Thankfully my storage needs have decreased a lot the last couple of years, since I don’t store any media anymore (with Netflix, Spotify, etc. there’s just no need storing large quantities of entertainment) I only need something for my photography. I decided that the entry level Synology DS412SE should work for me, it’s a bit on the slow side and can’t handle many simultaneous users, but I’m the only it should serve, and after reading reviews, I felt that it would suffice. I picked up a 1TB drive as well, you might remember that I needed two drives, which I do, but every time I set up RAID solutions, I generally try to get drives that aren’t manufactured at the same time, because if the drives are identical, and there was some kind of manufacturing problem with that batch, the issue might affect all the drives in use, I usually get drives from multiple different manufacturers, but in this case I already had a 1TB drive that I wasn’t using, and that I knew was working (drives generally fail either at the beginning, the first couple of months, or then after a couple of years), so I feel this should be adequate for my needs.


With RAID1, i.e. mirrored disk, I’ll end up with 1TB of space. Some of you might argue that I should’ve bought bigger disks, since they are pretty cheap. But the growth of my images, if we look historically, has been around ~120GB of images that I want to save, per year, that means if I double my space now, I should be set for around 4 years (probably a bit less, but never mind), after 4 years I’ll probably want to upgrade my storage solution anyway, so there’s no sense spending money on disk space that I won’t use.

Anyway, setting up the device was easy enough, throw in the disks, boot it, and let it do its magic. Once the system is installed, I went through all of the security options just to check that it’s not connecting to some kind of Synology Anywhere-cloud, I don’t want the device to be reachable from outside of my network. Once I was assured that the thing was relatively locked-down, I migrated my data. Wired on a gigabit connection I got write speeds ranging from 45-60 MB/s, which is really acceptable, on the wifi it falls down a bit, but still usable. It took me a couple of hours, but finally I had uploaded all of my pictures, and it took 48% of all of the available space (archive from the N40L and the last couple of months).

One of the big selling points with this specific model was the large rear fan. The larger the fan, the more air it can move at a slower speed, and obviously a slower speed means less noise.

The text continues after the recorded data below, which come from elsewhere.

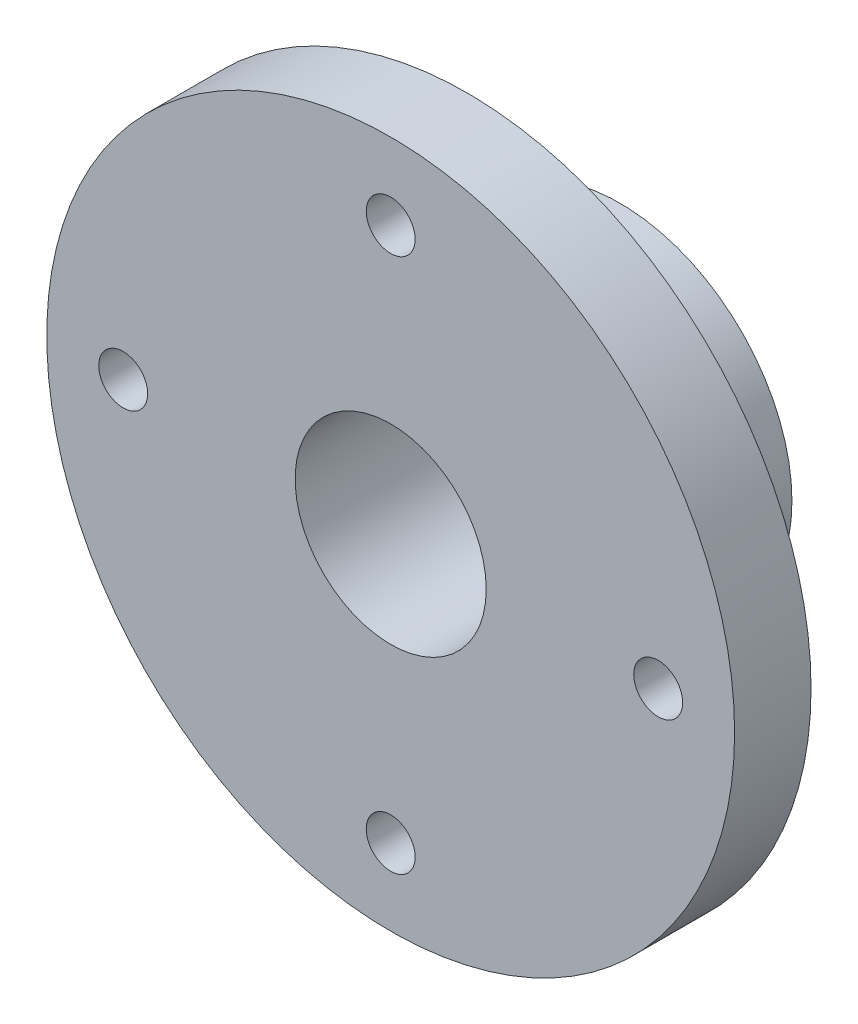
ISO-10303-21;
HEADER;
FILE_DESCRIPTION(('STEP AP214'),'2;1');
FILE_NAME('part.step','',(''),(''),'','','');
FILE_SCHEMA(('AUTOMOTIVE_DESIGN { 1 0 10303 214 1 1 1 1 }'));
ENDSEC;
DATA;
#1=APPLICATION_CONTEXT('core data for automotive mechanical design processes');
#2=APPLICATION_PROTOCOL_DEFINITION('international standard','automotive_design',2000,#1);
#3=PRODUCT_CONTEXT('',#1,'mechanical');
#4=PRODUCT('Part','Part','',(#3));
#5=PRODUCT_RELATED_PRODUCT_CATEGORY('part','',(#4));
#6=PRODUCT_DEFINITION_FORMATION('','',#4);
#7=PRODUCT_DEFINITION_CONTEXT('part definition',#1,'design');
#8=PRODUCT_DEFINITION('design','',#6,#7);
#9=PRODUCT_DEFINITION_SHAPE('','',#8);
#10=(LENGTH_UNIT() NAMED_UNIT(*) SI_UNIT(.MILLI.,.METRE.));
#11=(NAMED_UNIT(*) PLANE_ANGLE_UNIT() SI_UNIT($,.RADIAN.));
#12=(NAMED_UNIT(*) SI_UNIT($,.STERADIAN.) SOLID_ANGLE_UNIT());
#13=UNCERTAINTY_MEASURE_WITH_UNIT(LENGTH_MEASURE(1.E-05),#10,'distance_accuracy_value','');
#14=(GEOMETRIC_REPRESENTATION_CONTEXT(3) GLOBAL_UNCERTAINTY_ASSIGNED_CONTEXT((#13)) GLOBAL_UNIT_ASSIGNED_CONTEXT((#10,
#11,#12)) REPRESENTATION_CONTEXT('',''));
#15=CARTESIAN_POINT('',(0.,0.,0.));
#16=DIRECTION('',(0.,0.,1.));
#17=DIRECTION('',(1.,0.,0.));
#18=AXIS2_PLACEMENT_3D('',#15,#16,#17);
#19=CARTESIAN_POINT('',(0.,0.,-20.));
#20=DIRECTION('',(0.,0.,1.));
#21=DIRECTION('',(1.,0.,0.));
#22=AXIS2_PLACEMENT_3D('',#19,#20,#21);
#23=CYLINDRICAL_SURFACE('',#22,22.5);
#24=CARTESIAN_POINT('',(0.,0.,-20.));
#25=DIRECTION('',(0.,0.,1.));
#26=DIRECTION('',(1.,0.,0.));
#27=AXIS2_PLACEMENT_3D('',#24,#25,#26);
#28=CIRCLE('',#27,22.5);
#29=CARTESIAN_POINT('',(22.5,0.,-20.));
#30=VERTEX_POINT('',#29);
#31=EDGE_CURVE('E11',#30,#30,#28,.T.);
#32=ORIENTED_EDGE('',*,*,#31,.T.);
#33=EDGE_LOOP('',(#32));
#34=FACE_BOUND('',#33,.T.);
#35=CARTESIAN_POINT('',(0.,0.,0.));
#36=DIRECTION('',(0.,0.,1.));
#37=DIRECTION('',(1.,0.,0.));
#38=AXIS2_PLACEMENT_3D('',#35,#36,#37);
#39=CIRCLE('',#38,22.5);
#40=CARTESIAN_POINT('',(22.5,0.,0.));
#41=VERTEX_POINT('',#40);
#42=EDGE_CURVE('E54',#41,#41,#39,.T.);
#43=ORIENTED_EDGE('',*,*,#42,.F.);
#44=EDGE_LOOP('',(#43));
#45=FACE_BOUND('',#44,.T.);
#46=ADVANCED_FACE('F43',(#34,#45),#23,.T.);
#47=CARTESIAN_POINT('',(0.,0.,-20.));
#48=DIRECTION('',(0.,0.,1.));
#49=DIRECTION('',(1.,0.,0.));
#50=AXIS2_PLACEMENT_3D('',#47,#48,#49);
#51=PLANE('',#50);
#52=CARTESIAN_POINT('',(0.,4.,-20.));
#53=DIRECTION('',(0.,0.,1.));
#54=DIRECTION('',(1.,0.,0.));
#55=AXIS2_PLACEMENT_3D('',#52,#53,#54);
#56=CIRCLE('',#55,12.5);
#57=CARTESIAN_POINT('',(4.,15.842719282327,-20.));
#58=VERTEX_POINT('',#57);
#59=CARTESIAN_POINT('',(-4.,15.842719282327,-20.));
#60=VERTEX_POINT('',#59);
#61=EDGE_CURVE('E156',#58,#60,#56,.T.);
#62=ORIENTED_EDGE('',*,*,#61,.T.);
#63=DIRECTION('',(0.,1.,0.));
#64=VECTOR('',#63,1.);
#65=CARTESIAN_POINT('',(-4.,11.842719282327,-20.));
#66=LINE('',#65,#64);
#67=CARTESIAN_POINT('',(-4.,11.842719282327,-20.));
#68=VERTEX_POINT('',#67);
#69=EDGE_CURVE('E98',#68,#60,#66,.T.);
#70=ORIENTED_EDGE('',*,*,#69,.F.);
#71=CARTESIAN_POINT('',(0.,0.,-20.));
#72=DIRECTION('',(0.,0.,1.));
#73=DIRECTION('',(1.,0.,0.));
#74=AXIS2_PLACEMENT_3D('',#71,#72,#73);
#75=CIRCLE('',#74,12.5);
#76=CARTESIAN_POINT('',(4.,11.842719282327,-20.));
#77=VERTEX_POINT('',#76);
#78=EDGE_CURVE('E163',#68,#77,#75,.T.);
#79=ORIENTED_EDGE('',*,*,#78,.T.);
#80=DIRECTION('',(0.,1.,0.));
#81=VECTOR('',#80,1.);
#82=CARTESIAN_POINT('',(4.,11.842719282327,-20.));
#83=LINE('',#82,#81);
#84=EDGE_CURVE('E245',#77,#58,#83,.T.);
#85=ORIENTED_EDGE('',*,*,#84,.T.);
#86=EDGE_LOOP('',(#62,#70,#79,#85));
#87=FACE_BOUND('',#86,.T.);
#88=ORIENTED_EDGE('',*,*,#31,.F.);
#89=EDGE_LOOP('',(#88));
#90=FACE_BOUND('',#89,.T.);
#91=ADVANCED_FACE('F146',(#87,#90),#51,.F.);
#92=CARTESIAN_POINT('',(0.,0.,-20.));
#93=DIRECTION('',(0.,0.,1.));
#94=DIRECTION('',(1.,0.,0.));
#95=AXIS2_PLACEMENT_3D('',#92,#93,#94);
#96=CYLINDRICAL_SURFACE('',#95,12.5);
#97=ORIENTED_EDGE('',*,*,#78,.F.);
#98=DIRECTION('',(0.,0.,1.));
#99=VECTOR('',#98,1.);
#100=CARTESIAN_POINT('',(-4.,11.842719282327,-20.0000000000002));
#101=LINE('',#100,#99);
#102=CARTESIAN_POINT('',(-4.00000000000027,11.8427192823269,-6.99999757515348));
#103=VERTEX_POINT('',#102);
#104=EDGE_CURVE('E71',#68,#103,#101,.T.);
#105=ORIENTED_EDGE('',*,*,#104,.T.);
#106=CARTESIAN_POINT('',(3.99999999999963,11.8427192823271,-7.));
#107=CARTESIAN_POINT('',(4.0000006452399,11.8427190643906,-5.93561889273927));
#108=CARTESIAN_POINT('',(3.56110042047093,12.0055791359126,-4.90438372573486));
#109=CARTESIAN_POINT('',(2.09629423138882,12.3458866465225,-3.43929762907547));
#110=CARTESIAN_POINT('',(1.05534794626299,12.4996524911277,-3.00108354089639));
#111=CARTESIAN_POINT('',(-1.04709973807696,12.5003461482135,-2.99891586146916));
#112=CARTESIAN_POINT('',(-2.09036358080204,12.3471978912915,-3.43390957821057));
#113=CARTESIAN_POINT('',(-3.5649460991903,12.0047521830534,-4.90768717472265));
#114=CARTESIAN_POINT('',(-4.00000000000042,11.8427192823269,-5.9355220537099));
#115=CARTESIAN_POINT('',(-4.00000000000037,11.8427192823269,-6.99999757515349));
#116=B_SPLINE_CURVE_WITH_KNOTS('',3,(#106,#107,#108,#109,#110,#111,#112,#113,#114,#115),
.UNSPECIFIED.,.F.,.F.,(4,2,2,2,4),(0.,0.25,0.5,0.75,1.),.UNSPECIFIED.);
#117=CARTESIAN_POINT('',(3.99999999999963,11.8427192823271,-7.));
#118=VERTEX_POINT('',#117);
#119=EDGE_CURVE('E105',#118,#103,#116,.T.);
#120=ORIENTED_EDGE('',*,*,#119,.F.);
#121=DIRECTION('',(0.,0.,1.));
#122=VECTOR('',#121,1.);
#123=CARTESIAN_POINT('',(4.,11.842719282327,-19.9999999999998));
#124=LINE('',#123,#122);
#125=EDGE_CURVE('E175',#77,#118,#124,.T.);
#126=ORIENTED_EDGE('',*,*,#125,.F.);
#127=EDGE_LOOP('',(#97,#105,#120,#126));
#128=FACE_BOUND('',#127,.T.);
#129=CARTESIAN_POINT('',(0.,0.,10.));
#130=DIRECTION('',(0.,0.,1.));
#131=DIRECTION('',(1.,0.,0.));
#132=AXIS2_PLACEMENT_3D('',#129,#130,#131);
#133=CIRCLE('',#132,12.5);
#134=CARTESIAN_POINT('',(12.5,0.,10.));
#135=VERTEX_POINT('',#134);
#136=EDGE_CURVE('E225',#135,#135,#133,.T.);
#137=ORIENTED_EDGE('',*,*,#136,.T.);
#138=EDGE_LOOP('',(#137));
#139=FACE_BOUND('',#138,.T.);
#140=ADVANCED_FACE('F137',(#128,#139),#96,.F.);
#141=CARTESIAN_POINT('',(0.,0.,10.));
#142=DIRECTION('',(0.,0.,1.));
#143=DIRECTION('',(1.,0.,0.));
#144=AXIS2_PLACEMENT_3D('',#141,#142,#143);
#145=PLANE('',#144);
#146=CARTESIAN_POINT('',(0.,35.,10.));
#147=DIRECTION('',(0.,0.,-1.));
#148=DIRECTION('',(-1.,0.,0.));
#149=AXIS2_PLACEMENT_3D('',#146,#147,#148);
#150=CIRCLE('',#149,3.2);
#151=CARTESIAN_POINT('',(-3.2,35.,10.));
#152=VERTEX_POINT('',#151);
#153=EDGE_CURVE('E314',#152,#152,#150,.T.);
#154=ORIENTED_EDGE('',*,*,#153,.T.);
#155=EDGE_LOOP('',(#154));
#156=FACE_BOUND('',#155,.T.);
#157=CARTESIAN_POINT('',(-35.000000000001,9.88330434368617E-13,10.));
#158=DIRECTION('',(0.,0.,-1.));
#159=DIRECTION('',(-1.,0.,0.));
#160=AXIS2_PLACEMENT_3D('',#157,#158,#159);
#161=CIRCLE('',#160,3.2);
#162=CARTESIAN_POINT('',(-38.200000000001,9.88330434368617E-13,10.));
#163=VERTEX_POINT('',#162);
#164=EDGE_CURVE('E294',#163,#163,#161,.T.);
#165=ORIENTED_EDGE('',*,*,#164,.T.);
#166=EDGE_LOOP('',(#165));
#167=FACE_BOUND('',#166,.T.);
#168=CARTESIAN_POINT('',(-1.97666086873723E-12,-35.,10.));
#169=DIRECTION('',(0.,0.,-1.));
#170=DIRECTION('',(-1.,0.,0.));
#171=AXIS2_PLACEMENT_3D('',#168,#169,#170);
#172=CIRCLE('',#171,3.2);
#173=CARTESIAN_POINT('',(-3.20000000000198,-35.,10.));
#174=VERTEX_POINT('',#173);
#175=EDGE_CURVE('E274',#174,#174,#172,.T.);
#176=ORIENTED_EDGE('',*,*,#175,.T.);
#177=EDGE_LOOP('',(#176));
#178=FACE_BOUND('',#177,.T.);
#179=CARTESIAN_POINT('',(34.999999999999,-9.84044170571601E-13,10.));
#180=DIRECTION('',(0.,0.,-1.));
#181=DIRECTION('',(-1.,0.,0.));
#182=AXIS2_PLACEMENT_3D('',#179,#180,#181);
#183=CIRCLE('',#182,3.2);
#184=CARTESIAN_POINT('',(31.799999999999,-9.84044170571601E-13,10.));
#185=VERTEX_POINT('',#184);
#186=EDGE_CURVE('E212',#185,#185,#183,.T.);
#187=ORIENTED_EDGE('',*,*,#186,.T.);
#188=EDGE_LOOP('',(#187));
#189=FACE_BOUND('',#188,.T.);
#190=CARTESIAN_POINT('',(0.,0.,10.));
#191=DIRECTION('',(0.,0.,1.));
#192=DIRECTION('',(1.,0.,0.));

Now granted, I haven’t used the NAS for that long, but so far it’s been everything that I needed, which wasn’t very much. I have it in the living room, hidden in a bookshelf, I’ve also configured it to be as quiet as possible.

I’d like to note that the reason for using RAID1 in my case is not because I think it’s acting as a backup, because it doesn’t, I want it for availability. My backup solution currently consists of me manually archiving the data to a bunch of separate disks that I move offsite, rotating them, not ideal, as in I don’t have a continuous and automated backup (which isn’t really backup per se), but so far I haven’t found a cloud backup supplier that I’d trust.